Records from a data source:

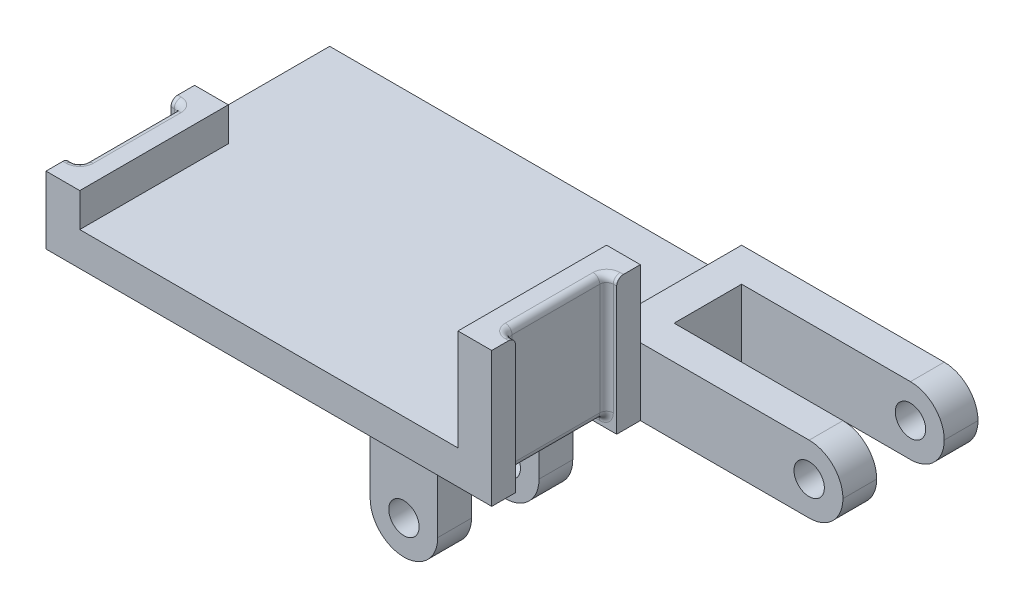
ISO-10303-21;
HEADER;
FILE_DESCRIPTION(('STEP AP214'),'2;1');
FILE_NAME('part.step','',(''),(''),'','','');
FILE_SCHEMA(('AUTOMOTIVE_DESIGN { 1 0 10303 214 1 1 1 1 }'));
ENDSEC;
DATA;
#1=APPLICATION_CONTEXT('core data for automotive mechanical design processes');
#2=APPLICATION_PROTOCOL_DEFINITION('international standard','automotive_design',2000,#1);
#3=PRODUCT_CONTEXT('',#1,'mechanical');
#4=PRODUCT('Part','Part','',(#3));
#5=PRODUCT_RELATED_PRODUCT_CATEGORY('part','',(#4));
#6=PRODUCT_DEFINITION_FORMATION('','',#4);
#7=PRODUCT_DEFINITION_CONTEXT('part definition',#1,'design');
#8=PRODUCT_DEFINITION('design','',#6,#7);
#9=PRODUCT_DEFINITION_SHAPE('','',#8);
#10=(LENGTH_UNIT() NAMED_UNIT(*) SI_UNIT(.MILLI.,.METRE.));
#11=(NAMED_UNIT(*) PLANE_ANGLE_UNIT() SI_UNIT($,.RADIAN.));
#12=(NAMED_UNIT(*) SI_UNIT($,.STERADIAN.) SOLID_ANGLE_UNIT());
#13=UNCERTAINTY_MEASURE_WITH_UNIT(LENGTH_MEASURE(1.E-05),#10,'distance_accuracy_value','');
#14=(GEOMETRIC_REPRESENTATION_CONTEXT(3) GLOBAL_UNCERTAINTY_ASSIGNED_CONTEXT((#13)) GLOBAL_UNIT_ASSIGNED_CONTEXT((#10,
#11,#12)) REPRESENTATION_CONTEXT('',''));
#15=CARTESIAN_POINT('',(0.,0.,0.));
#16=DIRECTION('',(0.,0.,1.));
#17=DIRECTION('',(1.,0.,0.));
#18=AXIS2_PLACEMENT_3D('',#15,#16,#17);
#19=CARTESIAN_POINT('',(66.,5.,0.));
#20=DIRECTION('',(-1.,0.,0.));
#21=DIRECTION('',(0.,0.,1.));
#22=AXIS2_PLACEMENT_3D('',#19,#20,#21);
#23=PLANE('',#22);
#24=DIRECTION('',(0.,-1.,0.));
#25=VECTOR('',#24,1.);
#26=CARTESIAN_POINT('',(66.,1.5,18.5));
#27=LINE('',#26,#25);
#28=CARTESIAN_POINT('',(66.,19.,18.5));
#29=VERTEX_POINT('',#28);
#30=CARTESIAN_POINT('',(66.,0.,18.5));
#31=VERTEX_POINT('',#30);
#32=EDGE_CURVE('E367',#29,#31,#27,.T.);
#33=ORIENTED_EDGE('',*,*,#32,.F.);
#34=CARTESIAN_POINT('',(66.,19.,19.5));
#35=DIRECTION('',(-1.,0.,0.));
#36=DIRECTION('',(0.,0.,1.));
#37=AXIS2_PLACEMENT_3D('',#34,#35,#36);
#38=CIRCLE('',#37,1.);
#39=CARTESIAN_POINT('',(66.,20.,19.5));
#40=VERTEX_POINT('',#39);
#41=EDGE_CURVE('E590',#29,#40,#38,.F.);
#42=ORIENTED_EDGE('',*,*,#41,.T.);
#43=DIRECTION('',(0.,0.,-1.));
#44=VECTOR('',#43,1.);
#45=CARTESIAN_POINT('',(66.,20.,0.));
#46=LINE('',#45,#44);
#47=CARTESIAN_POINT('',(66.,20.,22.));
#48=VERTEX_POINT('',#47);
#49=EDGE_CURVE('E479',#48,#40,#46,.T.);
#50=ORIENTED_EDGE('',*,*,#49,.F.);
#51=DIRECTION('',(0.,1.,0.));
#52=VECTOR('',#51,1.);
#53=CARTESIAN_POINT('',(66.,10.,22.));
#54=LINE('',#53,#52);
#55=CARTESIAN_POINT('',(66.,0.,22.));
#56=VERTEX_POINT('',#55);
#57=EDGE_CURVE('E776',#56,#48,#54,.T.);
#58=ORIENTED_EDGE('',*,*,#57,.F.);
#59=DIRECTION('',(0.,0.,-1.));
#60=VECTOR('',#59,1.);
#61=CARTESIAN_POINT('',(66.,0.,22.));
#62=LINE('',#61,#60);
#63=EDGE_CURVE('E384',#56,#31,#62,.T.);
#64=ORIENTED_EDGE('',*,*,#63,.T.);
#65=EDGE_LOOP('',(#33,#42,#50,#58,#64));
#66=FACE_BOUND('',#65,.T.);
#67=ADVANCED_FACE('F37',(#66),#23,.F.);
#68=CARTESIAN_POINT('',(0.,0.,0.));
#69=DIRECTION('',(0.,-1.,0.));
#70=DIRECTION('',(0.,0.,-1.));
#71=AXIS2_PLACEMENT_3D('',#68,#69,#70);
#72=PLANE('',#71);
#73=DIRECTION('',(-1.,0.,0.));
#74=VECTOR('',#73,1.);
#75=CARTESIAN_POINT('',(1.50000000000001,0.,18.5));
#76=LINE('',#75,#74);
#77=CARTESIAN_POINT('',(0.,0.,18.5));
#78=VERTEX_POINT('',#77);
#79=EDGE_CURVE('E377',#31,#78,#76,.T.);
#80=ORIENTED_EDGE('',*,*,#79,.F.);
#81=ORIENTED_EDGE('',*,*,#63,.F.);
#82=DIRECTION('',(1.,0.,0.));
#83=VECTOR('',#82,1.);
#84=CARTESIAN_POINT('',(36.,0.,22.));
#85=LINE('',#84,#83);
#86=CARTESIAN_POINT('',(0.,0.,22.));
#87=VERTEX_POINT('',#86);
#88=EDGE_CURVE('E773',#87,#56,#85,.T.);
#89=ORIENTED_EDGE('',*,*,#88,.F.);
#90=DIRECTION('',(0.,0.,1.));
#91=VECTOR('',#90,1.);
#92=CARTESIAN_POINT('',(0.,0.,0.));
#93=LINE('',#92,#91);
#94=EDGE_CURVE('E492',#78,#87,#93,.T.);
#95=ORIENTED_EDGE('',*,*,#94,.F.);
#96=EDGE_LOOP('',(#80,#81,#89,#95));
#97=FACE_BOUND('',#96,.T.);
#98=ADVANCED_FACE('F895',(#97),#72,.T.);
#99=CARTESIAN_POINT('',(1.5,0.,0.));
#100=DIRECTION('',(-1.,0.,0.));
#101=DIRECTION('',(0.,0.,1.));
#102=AXIS2_PLACEMENT_3D('',#99,#100,#101);
#103=PLANE('',#102);
#104=DIRECTION('',(0.,1.,0.));
#105=VECTOR('',#104,1.);
#106=CARTESIAN_POINT('',(1.50000000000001,0.,17.5));
#107=LINE('',#106,#105);
#108=CARTESIAN_POINT('',(1.50000000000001,2.5,17.5));
#109=VERTEX_POINT('',#108);
#110=CARTESIAN_POINT('',(1.50000000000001,9.,17.5));
#111=VERTEX_POINT('',#110);
#112=EDGE_CURVE('E46',#109,#111,#107,.T.);
#113=ORIENTED_EDGE('',*,*,#112,.T.);
#114=DIRECTION('',(0.,0.,-1.));
#115=VECTOR('',#114,1.);
#116=CARTESIAN_POINT('',(1.5,9.,0.));
#117=LINE('',#116,#115);
#118=CARTESIAN_POINT('',(1.5,9.,4.5));
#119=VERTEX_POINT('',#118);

**WHAT IS BEING ASKED**
Could the entries be output exactly as written, but without their images?

**TASK RESPONSE**
ISO-10303-21;
HEADER;
FILE_DESCRIPTION(('STEP AP214'),'2;1');
FILE_NAME('part.step','',(''),(''),'','','');
FILE_SCHEMA(('AUTOMOTIVE_DESIGN { 1 0 10303 214 1 1 1 1 }'));
ENDSEC;
DATA;
#1=APPLICATION_CONTEXT('core data for automotive mechanical design processes');
#2=APPLICATION_PROTOCOL_DEFINITION('international standard','automotive_design',2000,#1);
#3=PRODUCT_CONTEXT('',#1,'mechanical');
#4=PRODUCT('Part','Part','',(#3));
#5=PRODUCT_RELATED_PRODUCT_CATEGORY('part','',(#4));
#6=PRODUCT_DEFINITION_FORMATION('','',#4);
#7=PRODUCT_DEFINITION_CONTEXT('part definition',#1,'design');
#8=PRODUCT_DEFINITION('design','',#6,#7);
#9=PRODUCT_DEFINITION_SHAPE('','',#8);
#10=(LENGTH_UNIT() NAMED_UNIT(*) SI_UNIT(.MILLI.,.METRE.));
#11=(NAMED_UNIT(*) PLANE_ANGLE_UNIT() SI_UNIT($,.RADIAN.));
#12=(NAMED_UNIT(*) SI_UNIT($,.STERADIAN.) SOLID_ANGLE_UNIT());
#13=UNCERTAINTY_MEASURE_WITH_UNIT(LENGTH_MEASURE(1.E-05),#10,'distance_accuracy_value','');
#14=(GEOMETRIC_REPRESENTATION_CONTEXT(3) GLOBAL_UNCERTAINTY_ASSIGNED_CONTEXT((#13)) GLOBAL_UNIT_ASSIGNED_CONTEXT((#10,
#11,#12)) REPRESENTATION_CONTEXT('',''));
#15=CARTESIAN_POINT('',(0.,0.,0.));
#16=DIRECTION('',(0.,0.,1.));
#17=DIRECTION('',(1.,0.,0.));
#18=AXIS2_PLACEMENT_3D('',#15,#16,#17);
#19=CARTESIAN_POINT('',(66.,5.,0.));
#20=DIRECTION('',(-1.,0.,0.));
#21=DIRECTION('',(0.,0.,1.));
#22=AXIS2_PLACEMENT_3D('',#19,#20,#21);
#23=PLANE('',#22);
#24=DIRECTION('',(0.,-1.,0.));
#25=VECTOR('',#24,1.);
#26=CARTESIAN_POINT('',(66.,1.5,18.5));
#27=LINE('',#26,#25);
#28=CARTESIAN_POINT('',(66.,19.,18.5));
#29=VERTEX_POINT('',#28);
#30=CARTESIAN_POINT('',(66.,0.,18.5));
#31=VERTEX_POINT('',#30);
#32=EDGE_CURVE('E367',#29,#31,#27,.T.);
#33=ORIENTED_EDGE('',*,*,#32,.F.);
#34=CARTESIAN_POINT('',(66.,19.,19.5));
#35=DIRECTION('',(-1.,0.,0.));
#36=DIRECTION('',(0.,0.,1.));
#37=AXIS2_PLACEMENT_3D('',#34,#35,#36);
#38=CIRCLE('',#37,1.);
#39=CARTESIAN_POINT('',(66.,20.,19.5));
#40=VERTEX_POINT('',#39);
#41=EDGE_CURVE('E590',#29,#40,#38,.F.);
#42=ORIENTED_EDGE('',*,*,#41,.T.);
#43=DIRECTION('',(0.,0.,-1.));
#44=VECTOR('',#43,1.);
#45=CARTESIAN_POINT('',(66.,20.,0.));
#46=LINE('',#45,#44);
#47=CARTESIAN_POINT('',(66.,20.,22.));
#48=VERTEX_POINT('',#47);
#49=EDGE_CURVE('E479',#48,#40,#46,.T.);
#50=ORIENTED_EDGE('',*,*,#49,.F.);
#51=DIRECTION('',(0.,1.,0.));
#52=VECTOR('',#51,1.);
#53=CARTESIAN_POINT('',(66.,10.,22.));
#54=LINE('',#53,#52);
#55=CARTESIAN_POINT('',(66.,0.,22.));
#56=VERTEX_POINT('',#55);
#57=EDGE_CURVE('E776',#56,#48,#54,.T.);
#58=ORIENTED_EDGE('',*,*,#57,.F.);
#59=DIRECTION('',(0.,0.,-1.));
#60=VECTOR('',#59,1.);
#61=CARTESIAN_POINT('',(66.,0.,22.));
#62=LINE('',#61,#60);
#63=EDGE_CURVE('E384',#56,#31,#62,.T.);
#64=ORIENTED_EDGE('',*,*,#63,.T.);
#65=EDGE_LOOP('',(#33,#42,#50,#58,#64));
#66=FACE_BOUND('',#65,.T.);
#67=ADVANCED_FACE('F37',(#66),#23,.F.);
#68=CARTESIAN_POINT('',(0.,0.,0.));
#69=DIRECTION('',(0.,-1.,0.));
#70=DIRECTION('',(0.,0.,-1.));
#71=AXIS2_PLACEMENT_3D('',#68,#69,#70);
#72=PLANE('',#71);
#73=DIRECTION('',(-1.,0.,0.));
#74=VECTOR('',#73,1.);
#75=CARTESIAN_POINT('',(1.50000000000001,0.,18.5));
#76=LINE('',#75,#74);
#77=CARTESIAN_POINT('',(0.,0.,18.5));
#78=VERTEX_POINT('',#77);
#79=EDGE_CURVE('E377',#31,#78,#76,.T.);
#80=ORIENTED_EDGE('',*,*,#79,.F.);
#81=ORIENTED_EDGE('',*,*,#63,.F.);
#82=DIRECTION('',(1.,0.,0.));
#83=VECTOR('',#82,1.);
#84=CARTESIAN_POINT('',(36.,0.,22.));
#85=LINE('',#84,#83);
#86=CARTESIAN_POINT('',(0.,0.,22.));
#87=VERTEX_POINT('',#86);
#88=EDGE_CURVE('E773',#87,#56,#85,.T.);
#89=ORIENTED_EDGE('',*,*,#88,.F.);
#90=DIRECTION('',(0.,0.,1.));
#91=VECTOR('',#90,1.);
#92=CARTESIAN_POINT('',(0.,0.,0.));
#93=LINE('',#92,#91);
#94=EDGE_CURVE('E492',#78,#87,#93,.T.);
#95=ORIENTED_EDGE('',*,*,#94,.F.);
#96=EDGE_LOOP('',(#80,#81,#89,#95));
#97=FACE_BOUND('',#96,.T.);
#98=ADVANCED_FACE('F895',(#97),#72,.T.);
#99=CARTESIAN_POINT('',(1.5,0.,0.));
#100=DIRECTION('',(-1.,0.,0.));
#101=DIRECTION('',(0.,0.,1.));
#102=AXIS2_PLACEMENT_3D('',#99,#100,#101);
#103=PLANE('',#102);
#104=DIRECTION('',(0.,1.,0.));
#105=VECTOR('',#104,1.);
#106=CARTESIAN_POINT('',(1.50000000000001,0.,17.5));
#107=LINE('',#106,#105);
#108=CARTESIAN_POINT('',(1.50000000000001,2.5,17.5));
#109=VERTEX_POINT('',#108);
#110=CARTESIAN_POINT('',(1.50000000000001,9.,17.5));
#111=VERTEX_POINT('',#110);
#112=EDGE_CURVE('E46',#109,#111,#107,.T.);
#113=ORIENTED_EDGE('',*,*,#112,.T.);
#114=DIRECTION('',(0.,0.,-1.));
#115=VECTOR('',#114,1.);
#116=CARTESIAN_POINT('',(1.5,9.,0.));
#117=LINE('',#116,#115);
#118=CARTESIAN_POINT('',(1.5,9.,4.5));
#119=VERTEX_POINT('',#118);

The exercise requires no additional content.